WHAT YOU WILL DO :: Look through the material below for "CIRCLE". Copy every line that contains it.

+++++

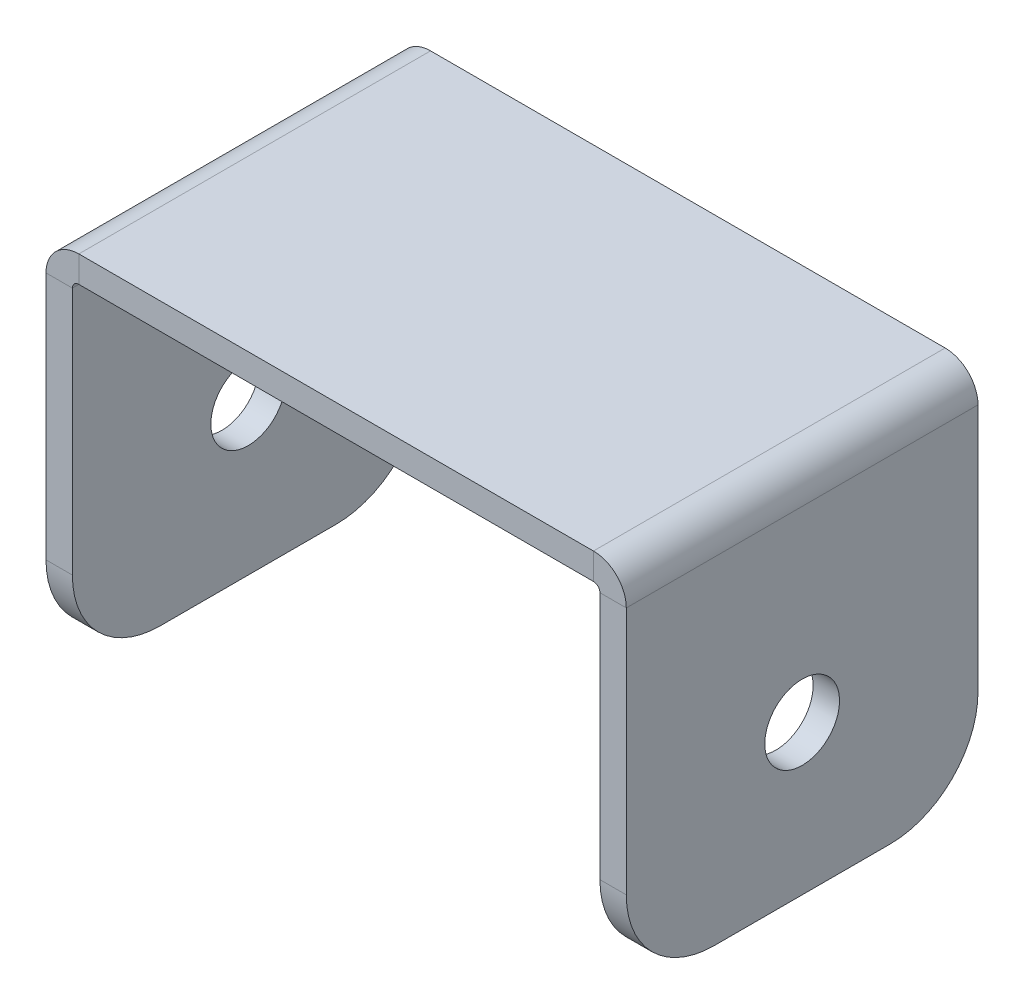
ISO-10303-21;
HEADER;
FILE_DESCRIPTION(('STEP AP214'),'2;1');
FILE_NAME('part.step','',(''),(''),'','','');
FILE_SCHEMA(('AUTOMOTIVE_DESIGN { 1 0 10303 214 1 1 1 1 }'));
ENDSEC;
DATA;
#1=APPLICATION_CONTEXT('core data for automotive mechanical design processes');
#2=APPLICATION_PROTOCOL_DEFINITION('international standard','automotive_design',2000,#1);
#3=PRODUCT_CONTEXT('',#1,'mechanical');
#4=PRODUCT('Part','Part','',(#3));
#5=PRODUCT_RELATED_PRODUCT_CATEGORY('part','',(#4));
#6=PRODUCT_DEFINITION_FORMATION('','',#4);
#7=PRODUCT_DEFINITION_CONTEXT('part definition',#1,'design');
#8=PRODUCT_DEFINITION('design','',#6,#7);
#9=PRODUCT_DEFINITION_SHAPE('','',#8);
#10=(LENGTH_UNIT() NAMED_UNIT(*) SI_UNIT(.MILLI.,.METRE.));
#11=(NAMED_UNIT(*) PLANE_ANGLE_UNIT() SI_UNIT($,.RADIAN.));
#12=(NAMED_UNIT(*) SI_UNIT($,.STERADIAN.) SOLID_ANGLE_UNIT());
#13=UNCERTAINTY_MEASURE_WITH_UNIT(LENGTH_MEASURE(1.E-05),#10,'distance_accuracy_value','');
#14=(GEOMETRIC_REPRESENTATION_CONTEXT(3) GLOBAL_UNCERTAINTY_ASSIGNED_CONTEXT((#13)) GLOBAL_UNIT_ASSIGNED_CONTEXT((#10,
#11,#12)) REPRESENTATION_CONTEXT('',''));
#15=CARTESIAN_POINT('',(0.,0.,0.));
#16=DIRECTION('',(0.,0.,1.));
#17=DIRECTION('',(1.,0.,0.));
#18=AXIS2_PLACEMENT_3D('',#15,#16,#17);
#19=CARTESIAN_POINT('',(0.7366,39.,-40.));
#20=DIRECTION('',(0.,0.,-1.));
#21=DIRECTION('',(-1.,0.,0.));
#22=AXIS2_PLACEMENT_3D('',#19,#20,#21);
#23=PLANE('',#22);
#24=DIRECTION('',(0.,1.,0.));
#25=VECTOR('',#24,1.);
#26=CARTESIAN_POINT('',(0.7366,39.,-40.));
#27=LINE('',#26,#25);
#28=CARTESIAN_POINT('',(0.7366,39.,-40.));
#29=VERTEX_POINT('',#28);
#30=CARTESIAN_POINT('',(0.7366,42.,-40.));
#31=VERTEX_POINT('',#30);
#32=EDGE_CURVE('E274',#29,#31,#27,.T.);
#33=ORIENTED_EDGE('',*,*,#32,.F.);
#34=CARTESIAN_POINT('',(0.7366,38.2634,-40.));
#35=DIRECTION('',(0.,0.,1.));
#36=DIRECTION('',(1.,0.,0.));
#37=AXIS2_PLACEMENT_3D('',#34,#35,#36);
#38=CIRCLE('',#37,0.7366);
#39=CARTESIAN_POINT('',(0.,38.2634,-40.));
#40=VERTEX_POINT('',#39);
#41=EDGE_CURVE('E201',#40,#29,#38,.F.);
#42=ORIENTED_EDGE('',*,*,#41,.F.);
#43=DIRECTION('',(1.,0.,0.));
#44=VECTOR('',#43,1.);
#45=CARTESIAN_POINT('',(-3.,38.2634,-40.));
#46=LINE('',#45,#44);
#47=CARTESIAN_POINT('',(-3.,38.2634,-40.));
#48=VERTEX_POINT('',#47);
#49=EDGE_CURVE('E271',#48,#40,#46,.T.);
#50=ORIENTED_EDGE('',*,*,#49,.F.);
#51=CARTESIAN_POINT('',(0.7366,38.2634,-40.));
#52=DIRECTION('',(0.,0.,1.));
#53=DIRECTION('',(1.,0.,0.));
#54=AXIS2_PLACEMENT_3D('',#51,#52,#53);
#55=CIRCLE('',#54,3.7366);
#56=EDGE_CURVE('E194',#48,#31,#55,.F.);
#57=ORIENTED_EDGE('',*,*,#56,.T.);
#58=EDGE_LOOP('',(#33,#42,#50,#57));
#59=FACE_BOUND('',#58,.T.);
#60=ADVANCED_FACE('F38',(#59),#23,.T.);
#61=CARTESIAN_POINT('',(-3.,38.2634,-40.));
#62=DIRECTION('',(0.,0.,-1.));
#63=DIRECTION('',(-1.,0.,0.));
#64=AXIS2_PLACEMENT_3D('',#61,#62,#63);
#65=PLANE('',#64);
#66=DIRECTION('',(1.,0.,0.));
#67=VECTOR('',#66,1.);
#68=CARTESIAN_POINT('',(0.,39.,-40.));
#69=LINE('',#68,#67);
#70=CARTESIAN_POINT('',(59.2634,39.,-40.));
#71=VERTEX_POINT('',#70);
#72=EDGE_CURVE('E204',#29,#71,#69,.T.);
#73=ORIENTED_EDGE('',*,*,#72,.F.);
#74=ORIENTED_EDGE('',*,*,#32,.T.);
#75=DIRECTION('',(1.,0.,0.));
#76=VECTOR('',#75,1.);
#77=CARTESIAN_POINT('',(0.,42.,-40.));
#78=LINE('',#77,#76);
#79=CARTESIAN_POINT('',(59.2634,42.,-40.));
#80=VERTEX_POINT('',#79);
#81=EDGE_CURVE('E175',#31,#80,#78,.T.);
#82=ORIENTED_EDGE('',*,*,#81,.T.);
#83=DIRECTION('',(0.,-1.,0.));
#84=VECTOR('',#83,1.);
#85=CARTESIAN_POINT('',(59.2634,42.,-40.));
#86=LINE('',#85,#84);
#87=EDGE_CURVE('E166',#80,#71,#86,.T.);
#88=ORIENTED_EDGE('',*,*,#87,.T.);
#89=EDGE_LOOP('',(#73,#74,#82,#88));
#90=FACE_BOUND('',#89,.T.);
#91=ADVANCED_FACE('F325',(#90),#65,.T.);
#92=CARTESIAN_POINT('',(0.,38.2634,0.));
#93=DIRECTION('',(0.,0.,1.));
#94=DIRECTION('',(1.,0.,0.));
#95=AXIS2_PLACEMENT_3D('',#92,#93,#94);
#96=PLANE('',#95);
#97=DIRECTION('',(-1.,0.,0.));
#98=VECTOR('',#97,1.);
#99=CARTESIAN_POINT('',(0.,38.2634,0.));
#100=LINE('',#99,#98);
#101=CARTESIAN_POINT('',(0.,38.2634,0.));
#102=VERTEX_POINT('',#101);
#103=CARTESIAN_POINT('',(-3.,38.2634,0.));
#104=VERTEX_POINT('',#103);
#105=EDGE_CURVE('E268',#102,#104,#100,.T.);
#106=ORIENTED_EDGE('',*,*,#105,.F.);
#107=CARTESIAN_POINT('',(0.7366,38.2634,0.));
#108=DIRECTION('',(0.,0.,1.));
#109=DIRECTION('',(1.,0.,0.));
#110=AXIS2_PLACEMENT_3D('',#107,#108,#109);
#111=CIRCLE('',#110,0.7366);
#112=CARTESIAN_POINT('',(0.7366,39.,0.));
#113=VERTEX_POINT('',#112);
#114=EDGE_CURVE('E226',#102,#113,#111,.F.);
#115=ORIENTED_EDGE('',*,*,#114,.T.);
#116=DIRECTION('',(0.,-1.,0.));
#117=VECTOR('',#116,1.);
#118=CARTESIAN_POINT('',(0.7366,42.,0.));
#119=LINE('',#118,#117);
#120=CARTESIAN_POINT('',(0.7366,42.,0.));
#121=VERTEX_POINT('',#120);
#122=EDGE_CURVE('E165',#121,#113,#119,.T.);
#123=ORIENTED_EDGE('',*,*,#122,.F.);
#124=CARTESIAN_POINT('',(0.7366,38.2634,0.));
#125=DIRECTION('',(0.,0.,1.));
#126=DIRECTION('',(1.,0.,0.));
#127=AXIS2_PLACEMENT_3D('',#124,#125,#126);
#128=CIRCLE('',#127,3.7366);
#129=EDGE_CURVE('E219',#104,#121,#128,.F.);
#130=ORIENTED_EDGE('',*,*,#129,.F.);
#131=EDGE_LOOP('',(#106,#115,#123,#130));
#132=FACE_BOUND('',#131,.T.);
#133=ADVANCED_FACE('F363',(#132),#96,.T.);
#134=CARTESIAN_POINT('',(0.7366,42.,0.));
#135=DIRECTION('',(0.,0.,1.));
#136=DIRECTION('',(1.,0.,0.));
#137=AXIS2_PLACEMENT_3D('',#134,#135,#136);
#138=PLANE('',#137);
#139=DIRECTION('',(0.,1.,0.));
#140=VECTOR('',#139,1.);
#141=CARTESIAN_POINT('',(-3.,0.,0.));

+++++

RESPONSE AREA ::
#38=CIRCLE('',#37,0.7366);
#55=CIRCLE('',#54,3.7366);
#111=CIRCLE('',#110,0.7366);
#128=CIRCLE('',#127,3.7366);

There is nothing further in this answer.